Under linux, it’s generally the partition that is of the type “linux swap” that was added when the system was installed. When a page is written to that has to flushed to disk to free up some physical memory, it gets written there. Note that the page sharing algorithm in the first section still applies.

Anyway, when an executable is first mapped into memory, its backing store is the executable file in the filesystem.

So, the kernel sets the app’s program counter to point to the starting location of the ELF interpreter, and transfers control to it.

The ELF interpreter goes about its business. Every time it tries to execute a portion of itself [a “code” page] that is mapped but not loaded, a page fault occurs and the loads that page from the backing store (e.g. the ELF interpreter’s file) and changes the mapping to R/O but present.

This occurs for the ELF interpreter, shared libraries, and the executable itself.

The ELF interpreter will now use mmap to map libc into the app space [again, subject to the demand loading]. If the ELF interpreter has to modify a code page to relocate a symbol [or tries to write to any that has the file as the backing store, like a data page], a protection fault occurs, the kernel changes the backing store for the page from the on disk file to a page on the swap disk, adjusts the protections, and resumes the app.

The kernel must also handle the case where the ELF interpreter (e.g.) is trying to write to [say] a data page that had never yet been loaded (i.e. it has to load it first and then change the backing store to the swap disk)

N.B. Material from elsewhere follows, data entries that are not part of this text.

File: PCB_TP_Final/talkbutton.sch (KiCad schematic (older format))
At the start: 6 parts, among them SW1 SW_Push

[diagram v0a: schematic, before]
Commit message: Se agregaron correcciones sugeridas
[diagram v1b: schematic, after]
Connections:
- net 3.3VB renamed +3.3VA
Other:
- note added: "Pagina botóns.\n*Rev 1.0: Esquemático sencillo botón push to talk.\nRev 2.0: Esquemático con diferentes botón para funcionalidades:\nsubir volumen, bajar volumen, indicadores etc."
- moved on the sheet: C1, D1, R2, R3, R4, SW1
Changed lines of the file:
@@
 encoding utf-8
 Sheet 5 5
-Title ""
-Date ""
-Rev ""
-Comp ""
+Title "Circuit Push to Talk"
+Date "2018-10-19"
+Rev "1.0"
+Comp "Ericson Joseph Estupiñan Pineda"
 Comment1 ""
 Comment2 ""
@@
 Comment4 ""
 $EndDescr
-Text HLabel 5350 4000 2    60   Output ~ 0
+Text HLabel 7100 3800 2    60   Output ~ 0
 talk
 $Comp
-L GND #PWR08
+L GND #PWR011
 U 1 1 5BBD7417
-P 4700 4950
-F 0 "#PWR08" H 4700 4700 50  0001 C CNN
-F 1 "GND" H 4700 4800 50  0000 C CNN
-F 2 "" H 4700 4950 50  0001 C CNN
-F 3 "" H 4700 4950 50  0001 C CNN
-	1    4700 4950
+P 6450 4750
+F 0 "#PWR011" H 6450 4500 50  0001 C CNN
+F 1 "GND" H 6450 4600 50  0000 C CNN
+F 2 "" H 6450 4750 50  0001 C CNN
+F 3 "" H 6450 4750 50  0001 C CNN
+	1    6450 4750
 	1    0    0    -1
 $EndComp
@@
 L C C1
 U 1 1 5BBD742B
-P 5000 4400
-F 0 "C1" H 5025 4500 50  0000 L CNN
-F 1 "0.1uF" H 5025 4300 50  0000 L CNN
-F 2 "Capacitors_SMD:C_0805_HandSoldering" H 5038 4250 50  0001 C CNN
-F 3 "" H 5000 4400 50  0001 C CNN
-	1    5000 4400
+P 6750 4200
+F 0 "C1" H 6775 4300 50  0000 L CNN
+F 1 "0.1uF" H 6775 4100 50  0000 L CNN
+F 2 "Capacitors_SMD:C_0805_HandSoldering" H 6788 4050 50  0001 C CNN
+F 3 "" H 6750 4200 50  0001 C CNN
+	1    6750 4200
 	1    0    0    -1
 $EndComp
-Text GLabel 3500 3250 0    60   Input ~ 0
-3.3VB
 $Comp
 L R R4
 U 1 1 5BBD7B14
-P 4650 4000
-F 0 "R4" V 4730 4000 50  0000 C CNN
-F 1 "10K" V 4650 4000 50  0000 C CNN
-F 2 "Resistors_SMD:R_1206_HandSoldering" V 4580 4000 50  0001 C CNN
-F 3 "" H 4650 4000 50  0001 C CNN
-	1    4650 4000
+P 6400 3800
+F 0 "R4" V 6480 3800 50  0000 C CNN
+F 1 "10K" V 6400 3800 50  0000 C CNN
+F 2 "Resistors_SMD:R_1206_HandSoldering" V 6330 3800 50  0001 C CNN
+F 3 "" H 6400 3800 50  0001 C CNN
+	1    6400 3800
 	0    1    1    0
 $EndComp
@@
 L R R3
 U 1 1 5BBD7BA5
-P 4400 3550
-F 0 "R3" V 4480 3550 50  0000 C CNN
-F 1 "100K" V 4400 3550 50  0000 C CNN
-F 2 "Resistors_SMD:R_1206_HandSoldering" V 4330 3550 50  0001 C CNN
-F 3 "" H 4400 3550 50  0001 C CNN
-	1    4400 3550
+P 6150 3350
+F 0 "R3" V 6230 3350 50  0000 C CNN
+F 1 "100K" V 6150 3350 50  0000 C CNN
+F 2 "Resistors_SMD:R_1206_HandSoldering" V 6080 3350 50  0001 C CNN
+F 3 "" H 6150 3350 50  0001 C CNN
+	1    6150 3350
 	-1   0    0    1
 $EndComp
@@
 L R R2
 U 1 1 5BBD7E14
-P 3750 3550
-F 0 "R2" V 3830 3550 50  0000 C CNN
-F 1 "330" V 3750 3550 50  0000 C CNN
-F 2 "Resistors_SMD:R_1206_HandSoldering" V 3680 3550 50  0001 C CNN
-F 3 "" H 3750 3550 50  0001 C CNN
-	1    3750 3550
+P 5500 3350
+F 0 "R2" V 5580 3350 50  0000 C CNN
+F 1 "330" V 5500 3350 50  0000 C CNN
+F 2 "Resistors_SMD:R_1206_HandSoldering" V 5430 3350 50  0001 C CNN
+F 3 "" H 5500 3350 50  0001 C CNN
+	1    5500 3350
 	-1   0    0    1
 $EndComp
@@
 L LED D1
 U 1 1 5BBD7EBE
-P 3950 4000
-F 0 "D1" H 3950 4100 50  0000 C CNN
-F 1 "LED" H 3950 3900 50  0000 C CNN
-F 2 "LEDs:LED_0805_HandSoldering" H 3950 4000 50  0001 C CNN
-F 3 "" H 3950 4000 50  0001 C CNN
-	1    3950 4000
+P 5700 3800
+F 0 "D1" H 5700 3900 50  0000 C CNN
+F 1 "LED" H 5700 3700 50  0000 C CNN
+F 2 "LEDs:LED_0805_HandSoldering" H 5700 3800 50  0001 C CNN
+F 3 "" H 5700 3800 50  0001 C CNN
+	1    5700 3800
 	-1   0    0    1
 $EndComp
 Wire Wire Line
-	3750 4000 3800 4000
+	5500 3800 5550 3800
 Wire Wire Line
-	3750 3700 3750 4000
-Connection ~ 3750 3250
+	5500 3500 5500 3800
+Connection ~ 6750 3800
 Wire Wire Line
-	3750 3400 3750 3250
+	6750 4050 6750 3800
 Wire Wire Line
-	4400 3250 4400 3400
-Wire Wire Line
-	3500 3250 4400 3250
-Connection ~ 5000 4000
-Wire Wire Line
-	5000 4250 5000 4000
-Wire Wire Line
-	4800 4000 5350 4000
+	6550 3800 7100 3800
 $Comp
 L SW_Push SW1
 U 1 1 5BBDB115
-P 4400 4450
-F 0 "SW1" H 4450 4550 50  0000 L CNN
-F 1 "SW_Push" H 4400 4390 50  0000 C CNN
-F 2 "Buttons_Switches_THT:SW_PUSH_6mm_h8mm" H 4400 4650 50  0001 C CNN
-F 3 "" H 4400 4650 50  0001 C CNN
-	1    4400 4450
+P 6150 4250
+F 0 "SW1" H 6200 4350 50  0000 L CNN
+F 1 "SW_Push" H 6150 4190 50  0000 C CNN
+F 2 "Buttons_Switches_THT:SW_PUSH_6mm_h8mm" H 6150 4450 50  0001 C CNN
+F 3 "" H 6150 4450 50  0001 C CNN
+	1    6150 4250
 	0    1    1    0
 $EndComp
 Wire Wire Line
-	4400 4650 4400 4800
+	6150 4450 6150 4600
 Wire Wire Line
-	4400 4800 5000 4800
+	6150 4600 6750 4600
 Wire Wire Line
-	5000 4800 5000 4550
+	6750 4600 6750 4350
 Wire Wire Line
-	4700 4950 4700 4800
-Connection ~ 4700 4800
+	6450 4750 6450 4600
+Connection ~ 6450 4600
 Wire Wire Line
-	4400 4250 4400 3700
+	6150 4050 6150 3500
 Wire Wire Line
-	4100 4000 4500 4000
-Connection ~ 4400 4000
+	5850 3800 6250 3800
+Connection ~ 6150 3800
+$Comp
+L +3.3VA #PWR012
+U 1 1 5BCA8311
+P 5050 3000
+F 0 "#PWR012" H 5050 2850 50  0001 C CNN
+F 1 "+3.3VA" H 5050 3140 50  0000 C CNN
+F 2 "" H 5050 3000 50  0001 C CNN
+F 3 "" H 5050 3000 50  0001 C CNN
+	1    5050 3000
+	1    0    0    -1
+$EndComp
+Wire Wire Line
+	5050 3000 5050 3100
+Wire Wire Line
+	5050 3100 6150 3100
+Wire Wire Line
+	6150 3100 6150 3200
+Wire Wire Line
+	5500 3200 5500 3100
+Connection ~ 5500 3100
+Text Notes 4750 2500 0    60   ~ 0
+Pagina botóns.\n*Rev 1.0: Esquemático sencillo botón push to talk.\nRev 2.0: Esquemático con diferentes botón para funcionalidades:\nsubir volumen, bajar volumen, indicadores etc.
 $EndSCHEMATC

The ELF interpreter then uses portions of libc to help it complete initial linking activities. It relocates the minimum necessary to allow it to do its job.

However, the ELF interpreter does not relocate anywhere near all the symbols for most other shared libraries. It will look through the executable and, again using mmap, create a mapping for the shared libraries the executable needs (i.e. what you see when you do ldd executable).

These mappings to shared libraries and executables, can be thought of as “segments”.

There is a symbol jump table that points back to the interpreter in each shared library. But, the ELF interpreter makes minimal changes.

[Note: this is a loose explanation] Only when the application tries to call a given function’s jump entry [this is that GOT et. al. stuff you may have seen] does a relocation occur. The jump entry transfers control to the interpreter, which locates the real address of the symbol and adjusts the GOT so that it now points directly to the final address for the symbol and redoes the call, which will now call the real function. On a subsequent call to the same given function, it now goes direct.

This is called “on demand linking”.

A by-product of all this mmap activity is the the classical sbrk syscall is of little to no use. It would soon collide with one of the shared library memory mappings.

So, modern libc doesn’t use it. When malloc needs more memory from the OS, it requests more memory from an anonymous mmap and keeps track of which allocations belong to which mmap mapping. (i.e. if enough memory got freed to comprise an entire mapping, free could do an munmap).

So, to sum up, we have “copy on write”, “on demand loading”, and “on demand linking” all going on at the same time. It seems complex, but makes fork and exec go quickly, smoothly. This adds some complexity, but extra overhead is done only when needed (“on demand”).

Thus, instead of a large lurch/delay at the beginning launch of a program, the overhead activity gets spread out over the lifetime of the program, as needed.